**Aim of the exercise:**
Your answer should be the records again, unchanged in wording and free of images.
= Beginning of Section =
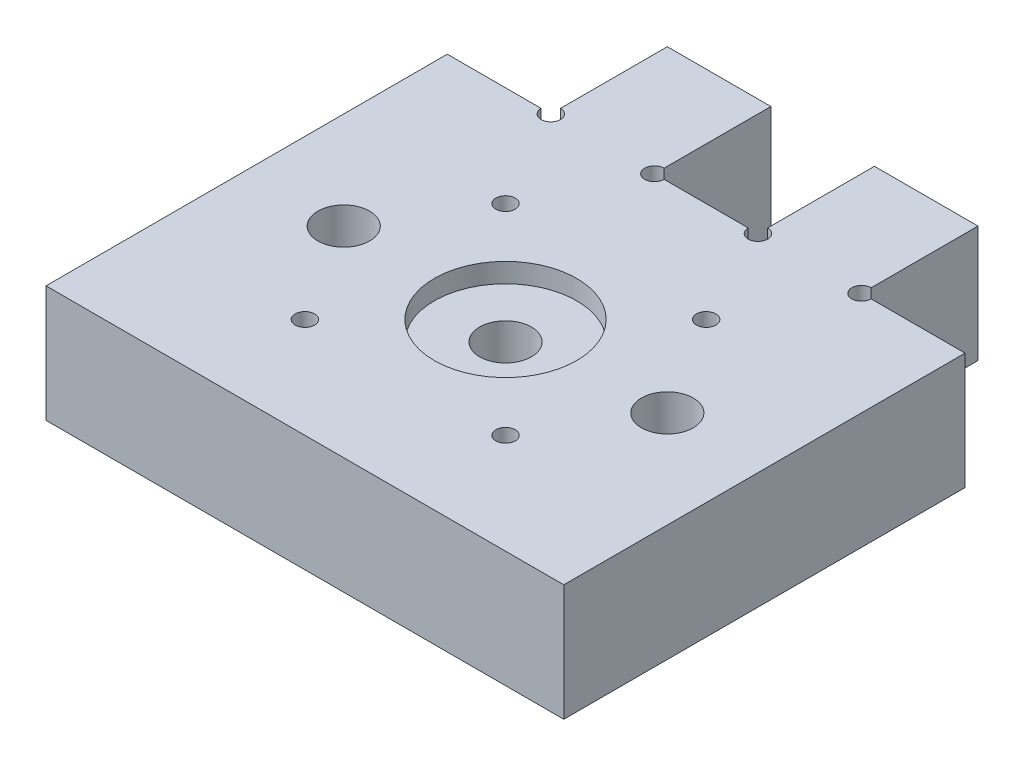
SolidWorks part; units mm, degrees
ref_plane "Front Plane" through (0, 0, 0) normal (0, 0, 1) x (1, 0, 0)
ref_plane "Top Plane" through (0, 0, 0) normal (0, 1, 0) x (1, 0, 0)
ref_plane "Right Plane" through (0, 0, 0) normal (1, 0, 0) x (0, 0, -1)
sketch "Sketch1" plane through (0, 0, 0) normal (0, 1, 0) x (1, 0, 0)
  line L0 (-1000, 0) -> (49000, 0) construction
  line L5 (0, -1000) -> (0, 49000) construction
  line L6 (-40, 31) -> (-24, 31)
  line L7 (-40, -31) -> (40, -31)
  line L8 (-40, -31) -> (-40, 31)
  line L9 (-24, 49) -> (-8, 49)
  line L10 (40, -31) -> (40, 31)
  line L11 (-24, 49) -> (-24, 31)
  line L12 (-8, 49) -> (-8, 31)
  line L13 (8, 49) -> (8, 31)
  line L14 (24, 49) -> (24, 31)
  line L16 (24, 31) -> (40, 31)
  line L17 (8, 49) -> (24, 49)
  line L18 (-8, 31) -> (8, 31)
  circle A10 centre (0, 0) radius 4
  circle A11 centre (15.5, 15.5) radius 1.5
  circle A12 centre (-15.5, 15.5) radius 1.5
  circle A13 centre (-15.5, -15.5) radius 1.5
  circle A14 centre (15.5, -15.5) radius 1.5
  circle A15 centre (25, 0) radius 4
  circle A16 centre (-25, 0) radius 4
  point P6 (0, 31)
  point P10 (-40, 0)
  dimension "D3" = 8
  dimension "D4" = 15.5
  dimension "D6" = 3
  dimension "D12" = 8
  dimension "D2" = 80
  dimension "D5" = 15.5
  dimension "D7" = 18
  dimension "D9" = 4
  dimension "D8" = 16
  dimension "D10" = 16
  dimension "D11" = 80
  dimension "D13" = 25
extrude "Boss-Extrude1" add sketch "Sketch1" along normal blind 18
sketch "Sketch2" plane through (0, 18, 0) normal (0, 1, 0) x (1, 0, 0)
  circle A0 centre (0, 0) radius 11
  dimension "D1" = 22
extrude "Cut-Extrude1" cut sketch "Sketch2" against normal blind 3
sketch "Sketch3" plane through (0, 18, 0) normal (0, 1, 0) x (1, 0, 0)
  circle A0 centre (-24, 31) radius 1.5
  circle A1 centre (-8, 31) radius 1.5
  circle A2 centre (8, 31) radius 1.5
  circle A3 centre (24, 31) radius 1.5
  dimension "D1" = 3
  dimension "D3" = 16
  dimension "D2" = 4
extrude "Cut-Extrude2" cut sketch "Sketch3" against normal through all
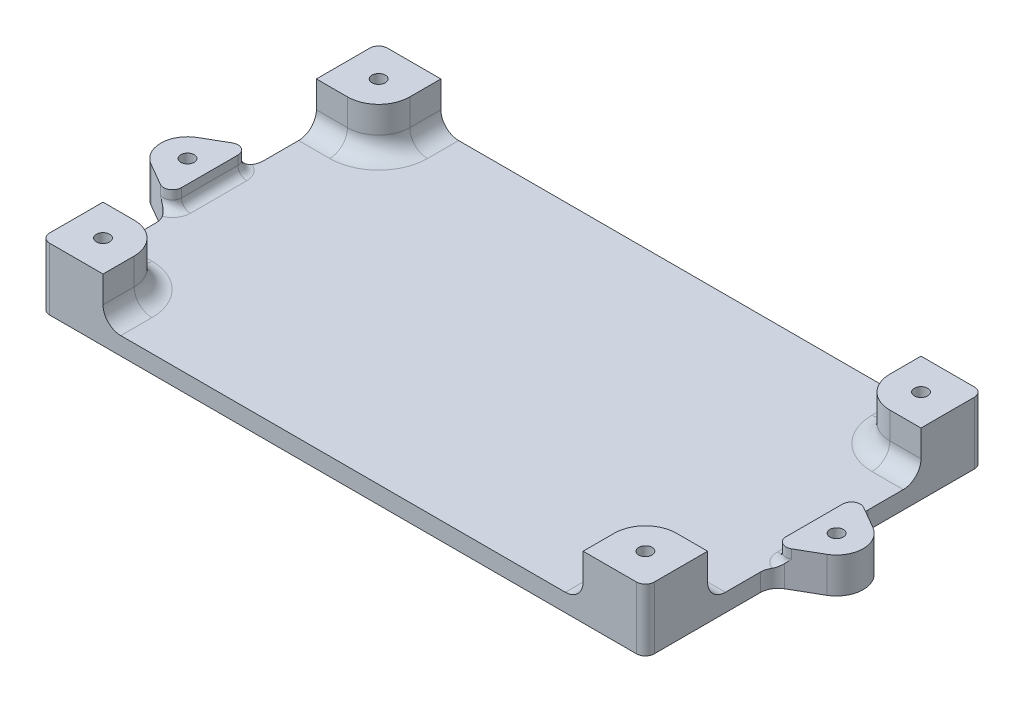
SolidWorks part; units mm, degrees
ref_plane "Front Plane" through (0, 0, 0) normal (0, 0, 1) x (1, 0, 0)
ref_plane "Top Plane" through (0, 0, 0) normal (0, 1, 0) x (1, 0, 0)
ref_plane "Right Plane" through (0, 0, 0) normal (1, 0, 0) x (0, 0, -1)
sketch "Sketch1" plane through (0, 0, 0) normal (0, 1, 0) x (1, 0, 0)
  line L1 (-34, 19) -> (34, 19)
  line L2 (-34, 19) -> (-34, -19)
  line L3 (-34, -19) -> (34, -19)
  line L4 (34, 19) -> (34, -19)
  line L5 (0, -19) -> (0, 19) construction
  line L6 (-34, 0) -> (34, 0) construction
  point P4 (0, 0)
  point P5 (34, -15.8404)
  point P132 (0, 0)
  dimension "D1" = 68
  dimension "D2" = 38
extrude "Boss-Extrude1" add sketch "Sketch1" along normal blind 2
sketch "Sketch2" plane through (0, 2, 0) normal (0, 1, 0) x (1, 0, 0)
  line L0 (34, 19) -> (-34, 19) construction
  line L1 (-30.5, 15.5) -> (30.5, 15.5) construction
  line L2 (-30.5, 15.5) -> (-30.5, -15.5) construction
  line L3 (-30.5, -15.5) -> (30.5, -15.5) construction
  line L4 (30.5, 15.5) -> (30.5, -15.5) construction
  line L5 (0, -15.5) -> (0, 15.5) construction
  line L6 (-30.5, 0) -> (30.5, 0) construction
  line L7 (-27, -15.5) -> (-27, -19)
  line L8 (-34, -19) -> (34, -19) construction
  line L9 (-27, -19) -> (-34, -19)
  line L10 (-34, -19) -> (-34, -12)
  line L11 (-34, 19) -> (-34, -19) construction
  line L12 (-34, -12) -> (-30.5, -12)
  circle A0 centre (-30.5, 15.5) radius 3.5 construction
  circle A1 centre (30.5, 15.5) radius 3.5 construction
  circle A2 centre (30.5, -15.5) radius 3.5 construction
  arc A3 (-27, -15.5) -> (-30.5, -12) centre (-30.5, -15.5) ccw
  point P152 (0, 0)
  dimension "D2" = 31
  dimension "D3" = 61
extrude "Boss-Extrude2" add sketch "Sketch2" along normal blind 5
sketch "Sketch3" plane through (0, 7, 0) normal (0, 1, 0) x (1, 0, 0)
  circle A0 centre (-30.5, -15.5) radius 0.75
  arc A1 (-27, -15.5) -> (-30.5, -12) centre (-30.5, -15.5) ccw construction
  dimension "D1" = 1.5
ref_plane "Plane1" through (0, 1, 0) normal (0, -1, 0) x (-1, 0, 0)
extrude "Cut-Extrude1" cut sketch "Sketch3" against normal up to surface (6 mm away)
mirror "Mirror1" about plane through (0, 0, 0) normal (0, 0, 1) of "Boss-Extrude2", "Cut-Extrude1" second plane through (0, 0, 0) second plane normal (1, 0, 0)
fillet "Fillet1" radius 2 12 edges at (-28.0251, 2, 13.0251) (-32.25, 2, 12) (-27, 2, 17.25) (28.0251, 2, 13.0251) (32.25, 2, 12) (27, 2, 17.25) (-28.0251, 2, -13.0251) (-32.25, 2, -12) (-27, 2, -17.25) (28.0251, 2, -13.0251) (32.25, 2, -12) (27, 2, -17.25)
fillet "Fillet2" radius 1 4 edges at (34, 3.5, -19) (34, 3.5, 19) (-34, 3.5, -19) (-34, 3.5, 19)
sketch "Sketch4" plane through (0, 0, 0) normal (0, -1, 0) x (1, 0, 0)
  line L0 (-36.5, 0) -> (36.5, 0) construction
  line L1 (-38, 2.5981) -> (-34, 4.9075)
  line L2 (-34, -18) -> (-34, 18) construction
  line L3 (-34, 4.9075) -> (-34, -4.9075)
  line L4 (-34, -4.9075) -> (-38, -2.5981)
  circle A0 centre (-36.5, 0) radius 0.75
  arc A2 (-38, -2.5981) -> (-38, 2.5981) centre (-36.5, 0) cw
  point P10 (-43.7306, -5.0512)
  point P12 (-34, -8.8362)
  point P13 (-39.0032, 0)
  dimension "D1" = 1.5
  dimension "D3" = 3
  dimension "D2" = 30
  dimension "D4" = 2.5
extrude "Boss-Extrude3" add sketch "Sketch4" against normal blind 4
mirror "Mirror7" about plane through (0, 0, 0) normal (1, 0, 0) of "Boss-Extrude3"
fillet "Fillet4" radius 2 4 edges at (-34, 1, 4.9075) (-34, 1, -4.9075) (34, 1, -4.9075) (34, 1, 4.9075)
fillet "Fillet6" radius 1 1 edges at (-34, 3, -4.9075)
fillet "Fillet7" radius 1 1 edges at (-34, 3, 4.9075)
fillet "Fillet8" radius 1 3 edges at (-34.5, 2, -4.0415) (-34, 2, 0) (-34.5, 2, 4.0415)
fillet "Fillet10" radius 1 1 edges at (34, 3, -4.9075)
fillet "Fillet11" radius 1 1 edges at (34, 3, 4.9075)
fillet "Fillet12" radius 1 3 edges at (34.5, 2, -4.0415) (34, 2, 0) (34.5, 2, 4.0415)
= End of Section =
**Written reply:**
SolidWorks part; units mm, degrees
ref_plane "Front Plane" through (0, 0, 0) normal (0, 0, 1) x (1, 0, 0)
ref_plane "Top Plane" through (0, 0, 0) normal (0, 1, 0) x (1, 0, 0)
ref_plane "Right Plane" through (0, 0, 0) normal (1, 0, 0) x (0, 0, -1)
sketch "Sketch1" plane through (0, 0, 0) normal (0, 1, 0) x (1, 0, 0)
  line L0 (-1000, 0) -> (49000, 0) construction
  line L5 (0, -1000) -> (0, 49000) construction
  line L6 (-40, 31) -> (-24, 31)
  line L7 (-40, -31) -> (40, -31)
  line L8 (-40, -31) -> (-40, 31)
  line L9 (-24, 49) -> (-8, 49)
  line L10 (40, -31) -> (40, 31)
  line L11 (-24, 49) -> (-24, 31)
  line L12 (-8, 49) -> (-8, 31)
  line L13 (8, 49) -> (8, 31)
  line L14 (24, 49) -> (24, 31)
  line L16 (24, 31) -> (40, 31)
  line L17 (8, 49) -> (24, 49)
  line L18 (-8, 31) -> (8, 31)
  circle A10 centre (0, 0) radius 4
  circle A11 centre (15.5, 15.5) radius 1.5
  circle A12 centre (-15.5, 15.5) radius 1.5
  circle A13 centre (-15.5, -15.5) radius 1.5
  circle A14 centre (15.5, -15.5) radius 1.5
  circle A15 centre (25, 0) radius 4
  circle A16 centre (-25, 0) radius 4
  point P6 (0, 31)
  point P10 (-40, 0)
  dimension "D3" = 8
  dimension "D4" = 15.5
  dimension "D6" = 3
  dimension "D12" = 8
  dimension "D2" = 80
  dimension "D5" = 15.5
  dimension "D7" = 18
  dimension "D9" = 4
  dimension "D8" = 16
  dimension "D10" = 16
  dimension "D11" = 80
  dimension "D13" = 25
extrude "Boss-Extrude1" add sketch "Sketch1" along normal blind 18
sketch "Sketch2" plane through (0, 18, 0) normal (0, 1, 0) x (1, 0, 0)
  circle A0 centre (0, 0) radius 11
  dimension "D1" = 22
extrude "Cut-Extrude1" cut sketch "Sketch2" against normal blind 3
sketch "Sketch3" plane through (0, 18, 0) normal (0, 1, 0) x (1, 0, 0)
  circle A0 centre (-24, 31) radius 1.5
  circle A1 centre (-8, 31) radius 1.5
  circle A2 centre (8, 31) radius 1.5
  circle A3 centre (24, 31) radius 1.5
  dimension "D1" = 3
  dimension "D3" = 16
  dimension "D2" = 4
extrude "Cut-Extrude2" cut sketch "Sketch3" against normal through all
SolidWorks part; units mm, degrees
ref_plane "Front Plane" through (0, 0, 0) normal (0, 0, 1) x (1, 0, 0)
ref_plane "Top Plane" through (0, 0, 0) normal (0, 1, 0) x (1, 0, 0)
ref_plane "Right Plane" through (0, 0, 0) normal (1, 0, 0) x (0, 0, -1)
sketch "Sketch1" plane through (0, 0, 0) normal (0, 1, 0) x (1, 0, 0)
  line L1 (-34, 19) -> (34, 19)
  line L2 (-34, 19) -> (-34, -19)
  line L3 (-34, -19) -> (34, -19)
  line L4 (34, 19) -> (34, -19)
  line L5 (0, -19) -> (0, 19) construction
  line L6 (-34, 0) -> (34, 0) construction
  point P4 (0, 0)
  point P5 (34, -15.8404)
  point P132 (0, 0)
  dimension "D1" = 68
  dimension "D2" = 38
extrude "Boss-Extrude1" add sketch "Sketch1" along normal blind 2
sketch "Sketch2" plane through (0, 2, 0) normal (0, 1, 0) x (1, 0, 0)
  line L0 (34, 19) -> (-34, 19) construction
  line L1 (-30.5, 15.5) -> (30.5, 15.5) construction
  line L2 (-30.5, 15.5) -> (-30.5, -15.5) construction
  line L3 (-30.5, -15.5) -> (30.5, -15.5) construction
  line L4 (30.5, 15.5) -> (30.5, -15.5) construction
  line L5 (0, -15.5) -> (0, 15.5) construction
  line L6 (-30.5, 0) -> (30.5, 0) construction
  line L7 (-27, -15.5) -> (-27, -19)
  line L8 (-34, -19) -> (34, -19) construction
  line L9 (-27, -19) -> (-34, -19)
  line L10 (-34, -19) -> (-34, -12)
  line L11 (-34, 19) -> (-34, -19) construction
  line L12 (-34, -12) -> (-30.5, -12)
  circle A0 centre (-30.5, 15.5) radius 3.5 construction
  circle A1 centre (30.5, 15.5) radius 3.5 construction
  circle A2 centre (30.5, -15.5) radius 3.5 construction
  arc A3 (-27, -15.5) -> (-30.5, -12) centre (-30.5, -15.5) ccw
  point P152 (0, 0)
  dimension "D2" = 31
  dimension "D3" = 61
extrude "Boss-Extrude2" add sketch "Sketch2" along normal blind 5
sketch "Sketch3" plane through (0, 7, 0) normal (0, 1, 0) x (1, 0, 0)
  circle A0 centre (-30.5, -15.5) radius 0.75
  arc A1 (-27, -15.5) -> (-30.5, -12) centre (-30.5, -15.5) ccw construction
  dimension "D1" = 1.5
ref_plane "Plane1" through (0, 1, 0) normal (0, -1, 0) x (-1, 0, 0)
extrude "Cut-Extrude1" cut sketch "Sketch3" against normal up to surface (6 mm away)
mirror "Mirror1" about plane through (0, 0, 0) normal (0, 0, 1) of "Boss-Extrude2", "Cut-Extrude1" second plane through (0, 0, 0) second plane normal (1, 0, 0)
fillet "Fillet1" radius 2 12 edges at (-28.0251, 2, 13.0251) (-32.25, 2, 12) (-27, 2, 17.25) (28.0251, 2, 13.0251) (32.25, 2, 12) (27, 2, 17.25) (-28.0251, 2, -13.0251) (-32.25, 2, -12) (-27, 2, -17.25) (28.0251, 2, -13.0251) (32.25, 2, -12) (27, 2, -17.25)
fillet "Fillet2" radius 1 4 edges at (34, 3.5, -19) (34, 3.5, 19) (-34, 3.5, -19) (-34, 3.5, 19)
sketch "Sketch4" plane through (0, 0, 0) normal (0, -1, 0) x (1, 0, 0)
  line L0 (-36.5, 0) -> (36.5, 0) construction
  line L1 (-38, 2.5981) -> (-34, 4.9075)
  line L2 (-34, -18) -> (-34, 18) construction
  line L3 (-34, 4.9075) -> (-34, -4.9075)
  line L4 (-34, -4.9075) -> (-38, -2.5981)
  circle A0 centre (-36.5, 0) radius 0.75
  arc A2 (-38, -2.5981) -> (-38, 2.5981) centre (-36.5, 0) cw
  point P10 (-43.7306, -5.0512)
  point P12 (-34, -8.8362)
  point P13 (-39.0032, 0)
  dimension "D1" = 1.5
  dimension "D3" = 3
  dimension "D2" = 30
  dimension "D4" = 2.5
extrude "Boss-Extrude3" add sketch "Sketch4" against normal blind 4
mirror "Mirror7" about plane through (0, 0, 0) normal (1, 0, 0) of "Boss-Extrude3"
fillet "Fillet4" radius 2 4 edges at (-34, 1, 4.9075) (-34, 1, -4.9075) (34, 1, -4.9075) (34, 1, 4.9075)
fillet "Fillet6" radius 1 1 edges at (-34, 3, -4.9075)
fillet "Fillet7" radius 1 1 edges at (-34, 3, 4.9075)
fillet "Fillet8" radius 1 3 edges at (-34.5, 2, -4.0415) (-34, 2, 0) (-34.5, 2, 4.0415)
fillet "Fillet10" radius 1 1 edges at (34, 3, -4.9075)
fillet "Fillet11" radius 1 1 edges at (34, 3, 4.9075)
fillet "Fillet12" radius 1 3 edges at (34.5, 2, -4.0415) (34, 2, 0) (34.5, 2, 4.0415)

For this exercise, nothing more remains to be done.